How many lines of the data contain "ezdxf"? Reply with the number alone.

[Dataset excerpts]
————————
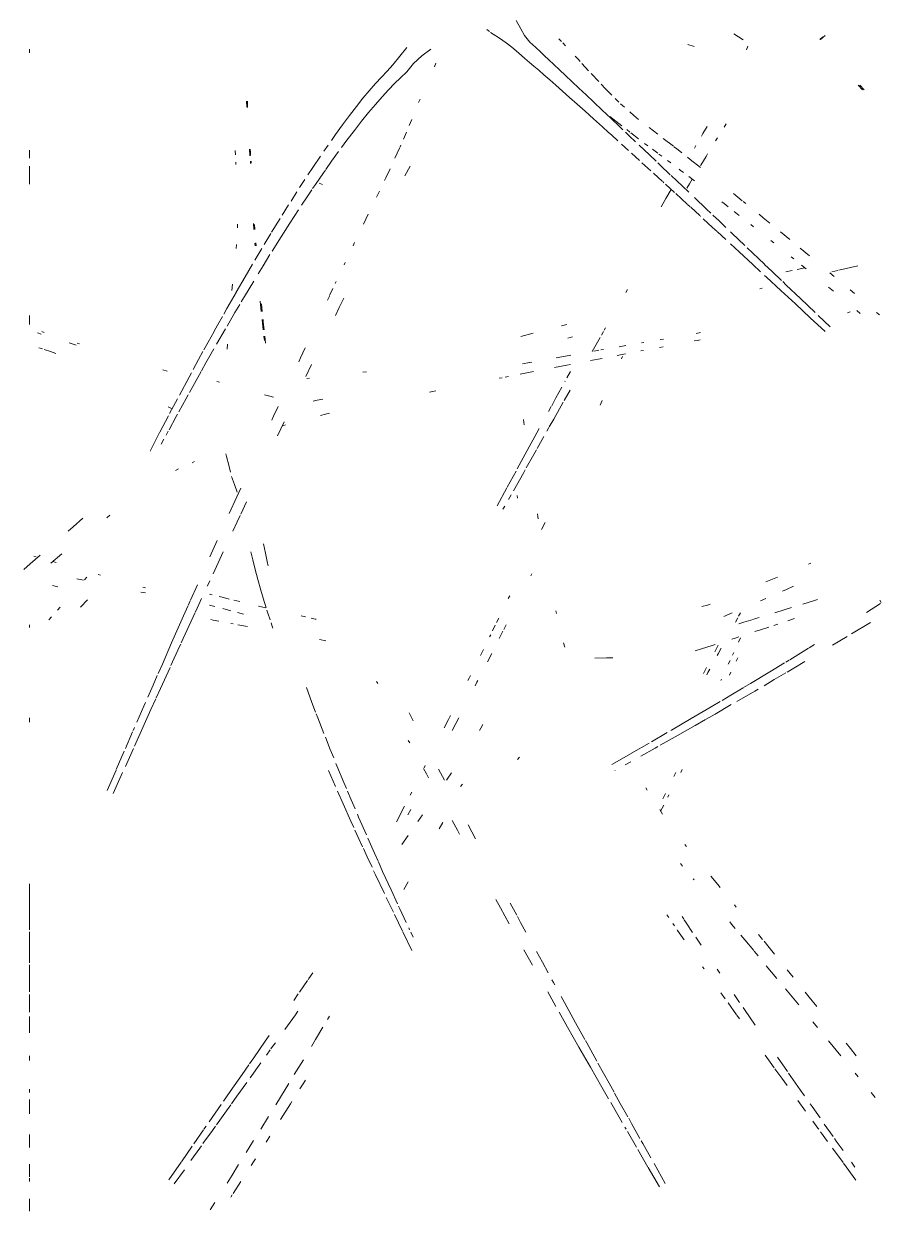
# Model space of a CAD drawing. Header units: millimetres. Extents: x -67152 to -48359, y -6192 to 21191.
# Drawn here: x -62017.6 to -61787.6, y 738.6 to 1057 of the extents above; entities that cross this region are included whole.
import ezdxf

# ---------------------------------------------------------------- set-up
doc = ezdxf.new("R2010")
doc.units = ezdxf.units.MM
doc.layers.add('G-IMPT', color=8, linetype='Continuous', lineweight=9)
doc.layers.add('I-FURN', color=30, linetype='Continuous', lineweight=9)

# ---------------------------------------------------------------- blocks, each defined once
blk = doc.blocks.new('LR2371_Conjunto_Estar_Externo_932 - RM-palem_elek_dwg-V24-Nivel 1 Oficinas')
at = {"layer": 'G-IMPT'}
for p, q in [((772.5, 1019.4), (766.6, 1010)), ((188.5, 989.4), (203.1, 964.4)), ((732.6, 982.5), (742.7, 998.1)), ((743.8, 999.7), (745.7, 1002.7)), ((-66.9, 980.8), (-50.6, 958.6)), ((195.5, 959.3), (180.9, 985.2)), ((743.9, 974.1), (735.5, 960.6)), ((743.9, 974.1), (750.6, 984.6)), ((806.1, 967.2), (819.3, 985.5)), ((826.4, 980.3), (810.4, 957.4)), ((-61.1, 957.5), (-65.5, 963.7)), ((-36.6, 939.4), (-50.2, 958)), ((216.6, 941.1), (203.5, 963.7)), ((716.1, 956.8), (719.4, 961.9)), ((-41.4, 929.9), (-50.2, 942.2)), ((210.1, 933.3), (199.8, 951.6)), ((713.8, 953.1), (716.1, 956.8)), ((716, 929.3), (725.7, 945)), ((786.1, 939.2), (797.7, 955.4)), ((795.8, 936.5), (810, 956.8)), ((-39.2, 926.7), (-41.4, 929.9)), ((-30, 930.4), (-21, 918)), ((212.1, 929.7), (210.1, 933.3)), ((224.7, 907.2), (213.9, 926.6)), ((218.4, 937.9), (230.2, 917.6)), ((694.9, 923.7), (699.9, 931.6)), ((769.7, 916.4), (781.9, 933.3)), ((793.8, 933.6), (781.2, 915.5)), ((783.8, 936), (786.1, 939.2)), ((-25.8, 907.8), (-37.3, 924)), ((-18.5, 914.6), (-17.5, 913.2)), ((-11, 904.3), (-17.5, 913.2)), ((231.9, 914.6), (233.4, 912)), ((706.8, 914.5), (696.7, 898.1)), ((765.6, 910.6), (769.7, 916.4)), ((780.6, 914.6), (777.8, 910.6)), ((-9.8, 885.2), (-20.2, 899.9)), ((228.5, 900.4), (224.7, 907.2)), ((239.4, 881), (229.6, 898.5)), ((248.4, 886), (237.1, 905.7)), ((668.1, 881.5), (681.1, 902)), ((753.6, 893.9), (764.3, 908.9)), ((762, 887.9), (773.9, 905)), ((-7.2, 881.4), (-9.8, 885.2)), ((-1.5, 891.3), (8.5, 877.4)), ((246.9, 867.5), (239.4, 881)), ((248.4, 886), (251.9, 879.8)), ((666.3, 878.7), (668.1, 881.5)), ((681, 872.8), (687.2, 882.8)), ((737.7, 871.7), (744.8, 881.6)), ((745.7, 882.8), (753.6, 893.9)), ((762, 887.9), (758.3, 882.6)), ((-86.5, 866.9), (-91.7, 873.2)), ((5.5, 863.3), (-0.1, 871.3)), ((254, 854.8), (247.5, 866.5)), ((254.8, 874.9), (263.3, 860)), ((681, 872.8), (670.2, 855)), ((724.9, 853.8), (737.7, 871.7)), ((731, 843.4), (746.4, 865.5)), ((755.3, 878.3), (746.4, 865.5)), ((20.6, 841.8), (5.5, 863.3)), ((29.5, 848.3), (22.7, 857.8)), ((268.6, 828.6), (254, 854.8)), ((278.2, 833.9), (263.3, 860)), ((648.7, 850.6), (652.5, 856.7)), ((652.5, 856.7), (655.9, 862.1)), ((722, 849.8), (722, 849.9)), ((-69.8, 846.5), (-65.8, 841.6)), ((35, 821.1), (22.1, 839.7)), ((29.5, 848.3), (38.4, 836)), ((39.3, 834.7), (44.6, 827.3)), ((278.2, 833.9), (293.1, 807.9)), ((651.4, 824.3), (663.2, 843.6)), ((706.6, 828.4), (720.5, 847.8)), ((731, 843.4), (722.1, 830.7)), ((-59.7, 809.6), (-67.3, 819.1)), ((-47.2, 819), (-31.4, 799.8)), ((50.9, 818.5), (44.6, 827.3)), ((283.1, 802.3), (270, 826.1)), ((694.5, 811.5), (699.4, 818.3)), ((701, 800.3), (715.9, 821.7)), ((721.2, 829.4), (715.9, 821.7)), ((-54.2, 802.7), (-59.7, 809.6)), ((308, 781.8), (293.1, 807.9)), ((640.9, 806.9), (635.5, 798)), ((687.8, 802.3), (691.4, 807.2)), ((691.4, 807.2), (693.5, 810.1)), ((284.8, 799.2), (283.1, 802.3)), ((297.6, 776.1), (285.6, 797.8)), ((625.9, 782), (635.5, 798)), ((701, 800.3), (695.9, 792.9)), ((-10.8, 774.9), (-17.1, 782.5)), ((77.8, 759.1), (64.1, 779.1)), ((312.1, 749.9), (297.6, 776.1)), ((308, 781.8), (319, 762.3)), ((619.9, 772), (617.4, 767.8)), ((661.8, 766), (675.4, 785)), ((79.6, 756.5), (77.8, 759.1)), ((88, 766.5), (84.6, 771.3)), ((88.5, 765.7), (99.4, 750.4)), ((658.4, 761.3), (661.8, 766)), ((-6.1, 742.8), (-15.9, 755)), ((-0.8, 736.3), (-6.1, 742.8)), ((24.7, 732), (7.2, 753.1)), ((91.3, 739.4), (84.3, 749.7)), ((108.6, 737.2), (103, 745.2)), ((316.3, 742.2), (312.1, 749.9)), ((333.8, 736.2), (323.1, 755.1)), ((663.9, 747.1), (658, 738.5)), ((326.4, 723.7), (324.6, 727)), ((645.9, 721.2), (656.6, 736.5)), ((22.7, 707.3), (14.8, 716.9)), ((35.8, 718.7), (42.8, 710.3)), ((49.6, 702), (42.8, 710.3)), ((113.7, 706.4), (110.1, 711.6)), ((328.4, 720.2), (326.4, 723.7)), ((340.7, 697.6), (333.3, 711.2)), ((644.2, 718.7), (639.2, 711.4)), ((644.2, 718.7), (645.2, 720.2)), ((132.4, 703.4), (130.3, 706.3)), ((348.3, 683.7), (340.7, 697.6)), ((364.7, 681.3), (353.5, 701.3)), ((46.1, 678.3), (38.9, 687.2)), ((60.4, 689.1), (65.5, 683.1)), ((66, 682.4), (77.6, 668.5)), ((510.3, 682.2), (522.1, 657.9)), ((52.6, 670.3), (46.1, 678.3)), ((59.8, 661.4), (54.5, 668)), ((82.9, 662.2), (77.6, 668.5)), ((141.4, 665), (134.5, 675.3)), ((165, 656.3), (156.6, 668.4)), ((511.9, 658.4), (508.7, 665.1)), ((94.7, 648.2), (90, 653.7)), ((153, 647.5), (145.6, 658.7)), ((165, 656.3), (165.6, 655.4)), ((169, 650.4), (171.3, 647)), ((369, 645.7), (362.1, 658.4)), ((514.4, 653), (513.3, 655.4)), ((532.9, 635.6), (522.5, 657.2)), ((94.7, 648.2), (97.1, 645.2)), ((156.2, 642.6), (153, 647.5)), ((159.1, 638.2), (156.8, 641.7)), ((179, 635.8), (176.4, 639.5)), ((373.2, 638), (369, 645.7)), ((382.5, 620.8), (374.1, 636.3)), ((395.2, 626.9), (383.7, 647.5)), ((526, 628.1), (517.8, 645.7)), ((91.1, 623), (88.7, 625.9)), ((395.3, 626.7), (401.2, 616.1)), ((527.6, 624.7), (526, 628.1)), ((537.3, 603.6), (528.9, 621.8)), ((534.4, 632.5), (543.6, 613.4)), ((515.1, 593.1), (520.8, 603)), ((548.3, 579.4), (537.3, 603.6)), ((557.4, 584.1), (546, 608.2)), ((112.8, 596.5), (109.5, 600.5)), ((121.8, 585.5), (112.8, 596.5)), ((143.2, 590.6), (144.5, 589)), ((161.2, 569.2), (158.5, 572.5)), ((553.8, 567.1), (548.3, 579.4)), ((557.4, 584.1), (560, 578.5)), ((562.1, 574), (568.4, 560.5)), ((559, 555.6), (554.3, 566.1)), ((573.3, 549.9), (568.4, 560.5)), ((155.6, 544.3), (153.2, 547.2)), ((523.2, 544.5), (515, 532.6)), ((567.5, 536.3), (559, 555.6)), ((579.1, 537.2), (574.4, 547.6)), ((437.1, 519.1), (427.5, 537)), ((451.2, 526), (448.4, 530.9)), ((451.2, 526), (458, 513.4)), ((579.5, 509), (569.4, 532.1)), ((579.1, 537.2), (584.3, 525.8)), ((474.8, 524.3), (470.3, 516.1)), ((502.4, 514.4), (496.4, 505.8)), ((530.2, 514.9), (519.9, 494.8)), ((585.9, 522.4), (589.5, 514.3)), ((599.6, 491.8), (589.5, 514.3)), ((183, 493.3), (187.1, 501)), ((188.2, 499.2), (184.6, 504.9)), ((511.8, 498.8), (515.5, 505.9)), ((581.2, 505.1), (579.5, 509)), ((589.2, 486.3), (584.1, 498.2)), ((176.1, 480.1), (177.6, 483)), ((184.2, 485.1), (180.7, 478.2)), ((510.5, 476.5), (512.5, 480.4)), ((593.9, 475.2), (589.2, 486.3)), ((599.6, 491.8), (606.9, 475.2)), ((206.2, 470.7), (204.3, 473.8)), ((444.7, 466), (447, 469)), ((598.6, 464.1), (595.4, 471.6)), ((607.7, 442.3), (598.6, 464.1)), ((618.7, 448.1), (609.6, 469.2)), ((886.3, 451), (898.4, 478.1)), ((906.4, 474.5), (894.9, 447.8)), ((159, 447.2), (160.9, 451)), ((169.6, 456.3), (167, 451.1)), ((246.1, 448.2), (246.4, 448.4)), ((458.9, 451.4), (464.4, 459.4)), ((465.5, 461), (464.4, 459.4)), ((475.7, 446.5), (468, 461)), ((488.6, 457.7), (491.3, 452.7)), ((495.2, 445.6), (491.3, 452.7)), ((250.6, 440.7), (225.3, 426.2)), ((225.9, 437), (232.9, 440.9)), ((370.5, 430.8), (373, 433.9)), ((494.4, 444.8), (492.9, 441.8)), ((609, 439.1), (607.7, 442.3)), ((874.1, 423.7), (882.7, 442.9)), ((884.2, 423.2), (894.6, 447.2)), ((190.6, 417.2), (194.2, 419.2)), ((194.2, 419.2), (212.6, 429.5)), ((202, 412.7), (224.7, 425.9)), ((616.4, 420.9), (611.9, 432)), ((622.8, 405), (616.4, 420.9)), ((872.4, 419.9), (874.1, 423.7)), ((882.7, 419.8), (873.4, 398.2)), ((142.1, 389.7), (168.1, 404.5)), ((168.1, 404.5), (187.4, 415.4)), ((198.8, 410.9), (178.5, 399.1)), ((513.2, 412.4), (515, 409.2)), ((861.8, 396.4), (870.9, 416.7)), ((128.8, 382), (142.1, 389.7)), ((147.1, 380.7), (172.9, 395.8)), ((173.5, 396.2), (172.9, 395.8)), ((420.8, 393.4), (418.3, 388.7)), ((420.8, 393.4), (422.5, 396.2)), ((449.5, 379.7), (453.3, 387.1)), ((453.3, 387.1), (458, 396.2)), ((468.2, 392.9), (462.7, 382.1)), ((632.7, 379.7), (624.7, 400)), ((849.5, 369.1), (861.8, 396.4)), ((872.5, 396.2), (870.8, 392.3)), ((95.1, 362.7), (116.2, 374.9)), ((116.2, 374.9), (127.7, 381.5)), ((147.1, 380.7), (121.4, 365.6)), ((460, 376.7), (462.7, 382.1)), ((514, 373.3), (508.6, 383.7)), ((634.7, 374.5), (632.7, 379.7)), ((640.3, 359.8), (635.5, 372.4)), ((858.8, 364.8), (867.9, 385.6)), ((64.7, 345.1), (88, 358.6)), ((95.8, 350.4), (107.2, 357.2)), ((109.7, 358.7), (121.4, 365.6)), ((647.5, 340.5), (640.3, 359.8)), ((843.1, 355), (849.5, 369.1)), ((858.8, 364.8), (856.7, 360)), ((60.3, 342.5), (64.7, 345.1)), ((79.4, 340.6), (70.3, 335.2)), ((95.8, 350.4), (79.6, 340.7)), ((824.7, 314.4), (837.1, 341.8)), ((837.1, 341.8), (842.6, 353.9)), ((853.7, 353.1), (846.8, 337.3)), ((24.1, 321.3), (39.2, 330.2)), ((39.2, 330.2), (52.6, 338.1)), ((44.9, 319.9), (70.3, 335.2)), ((95.7, 320.4), (97.6, 324.2)), ((107.9, 329.4), (108.8, 331.4)), ((424.6, 331.4), (425.8, 333.7)), ((425.8, 333.7), (428.1, 338.1)), ((434.2, 324.9), (435.9, 328.4)), ((437.4, 331.4), (435.9, 328.4)), ((554.7, 335.4), (556.2, 332.6)), ((841.3, 324.8), (846.8, 337.3)), ((-0.5, 306.8), (13.8, 315.3)), ((13.8, 315.3), (22.4, 320.4)), ((44.9, 319.9), (26.1, 308.5)), ((96.6, 305.2), (99, 310.3)), ((123.1, 316.4), (125.5, 320.8)), ((125.5, 320.8), (127.1, 323.8)), ((127.3, 314.5), (129.5, 318.6)), ((131.4, 322.1), (129.5, 318.6)), ((812.2, 287.1), (823.5, 311.8)), ((834.7, 309.9), (822.6, 282.4)), ((834.7, 309.9), (840.1, 322.2)), ((-5.3, 289.4), (19.1, 304.3)), ((24.1, 307.3), (19.7, 304.7)), ((86.8, 301.8), (88.8, 306)), ((93.4, 298.2), (91.9, 294.9)), ((108.3, 289.2), (112.2, 296.5)), ((112.1, 285.6), (116.5, 294.1)), ((112.2, 296.5), (113.6, 299)), ((257.5, 301.9), (249.2, 301.7)), ((272.5, 302.2), (257.5, 301.9)), ((406.6, 296.1), (412.2, 307)), ((421.3, 299), (417.3, 290.9)), ((-55.3, 274.2), (-36.4, 285.5)), ((-6.3, 288.8), (-13.1, 284.7)), ((83.2, 276), (85.8, 281.7)), ((120, 285.8), (116, 284.5)), ((120, 285.8), (133.9, 290.3)), ((142.1, 292.9), (133.9, 290.3)), ((313.2, 282.3), (311.5, 288.1)), ((622.3, 279.6), (630.3, 278.1)), ((799.8, 259.9), (810.1, 282.4)), ((810.5, 254.9), (822.6, 282.4)), ((810.8, 283.9), (812.2, 287.1)), ((-85.7, 255.9), (-61.1, 270.7)), ((57.2, 265.4), (46.3, 261.8)), ((57.2, 265.4), (64.4, 267.7)), ((89.9, 276.1), (85.4, 274.6)), ((89.9, 276.1), (94.4, 277.5)), ((387.8, 259.1), (390.8, 265)), ((392, 267.4), (396.7, 276.7)), ((401.9, 259.5), (405.4, 266.6)), ((407.9, 271.8), (409.4, 274.7)), ((692.3, 259.5), (691, 263.1)), ((21.5, 253.6), (12.8, 250.8)), ((34.7, 258), (39.8, 259.7)), ((62, 250.5), (59, 249.6)), ((65.9, 251.7), (62, 250.5)), ((78.9, 255.6), (66.7, 251.9)), ((85.4, 257.6), (78.9, 255.6)), ((83.3, 243.3), (85.8, 247.9)), ((86.8, 249.9), (89.8, 255.4)), ((104.8, 248), (94.1, 243.4)), ((397.4, 250.3), (400.2, 256)), ((636.1, 251.4), (634.7, 251.7)), ((636.1, 251.4), (641.2, 250.3)), ((648.8, 248.6), (654.4, 247.4)), ((692.3, 259.5), (693.3, 256.4)), ((694.6, 252.5), (697.5, 243.7)), ((724.2, 261.1), (736.5, 258.8)), ((742.7, 257.7), (745.6, 257.1)), ((761.1, 254.1), (768.5, 252.7)), ((768.5, 252.7), (771.5, 252.1)), ((792.1, 243.1), (799.8, 259.9)), ((810.5, 254.9), (801.4, 234.5)), ((982.1, 252.3), (978.8, 248.5)), ((-99, 231.4), (-80.7, 242.8)), ((2.3, 232.2), (-11.8, 227.8)), ((26.4, 239.6), (16.8, 236.6)), ((38.5, 243.3), (26.4, 239.6)), ((125.9, 233.2), (122.4, 231.9)), ((133.5, 235.3), (125.9, 233.2)), ((322.5, 244.4), (323.3, 240.7)), ((698.7, 239.9), (697.5, 243.7)), ((702.3, 228.6), (699.8, 236.3)), ((709.7, 234.6), (700.3, 236.8)), ((729.1, 245), (737, 242.9)), ((745.7, 240.7), (756.1, 237.9)), ((766.6, 235.2), (773.3, 233.4)), ((783.6, 224.7), (787.3, 232.6)), ((787.3, 232.6), (791.5, 241.9)), ((801.2, 234), (798.4, 227.6)), ((932.1, 226.4), (941.1, 236.2)), ((970.9, 239.7), (967.7, 236.1)), ((-98.1, 227), (-99.8, 229.9)), ((-11.8, 227.8), (-16.8, 226.2)), ((57.2, 227.8), (50.1, 224.7)), ((385, 224.9), (383.2, 221.2)), ((702.3, 228.6), (706.6, 214.1)), ((741.6, 227), (733.9, 228.8)), ((755.2, 223.6), (748, 225.4)), ((755.2, 223.6), (761, 222.2)), ((770, 220), (773.4, 219.1)), ((789.2, 207), (798.1, 226.9)), ((856.7, 217.5), (862.5, 216.4)), ((23.5, 212.9), (14.2, 208.9)), ((23.5, 212.9), (28.5, 215.2)), ((50.1, 203.2), (35.2, 196.9)), ((710.6, 200.2), (706.6, 214.1)), ((773, 201.8), (774.8, 205.5)), ((774.8, 205.5), (776.3, 208.9)), ((856.7, 210.8), (860.2, 209.8)), ((945.9, 199.1), (937, 201)), ((970.4, 209.6), (977.4, 207.9)), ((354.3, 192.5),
————————
Task result: 3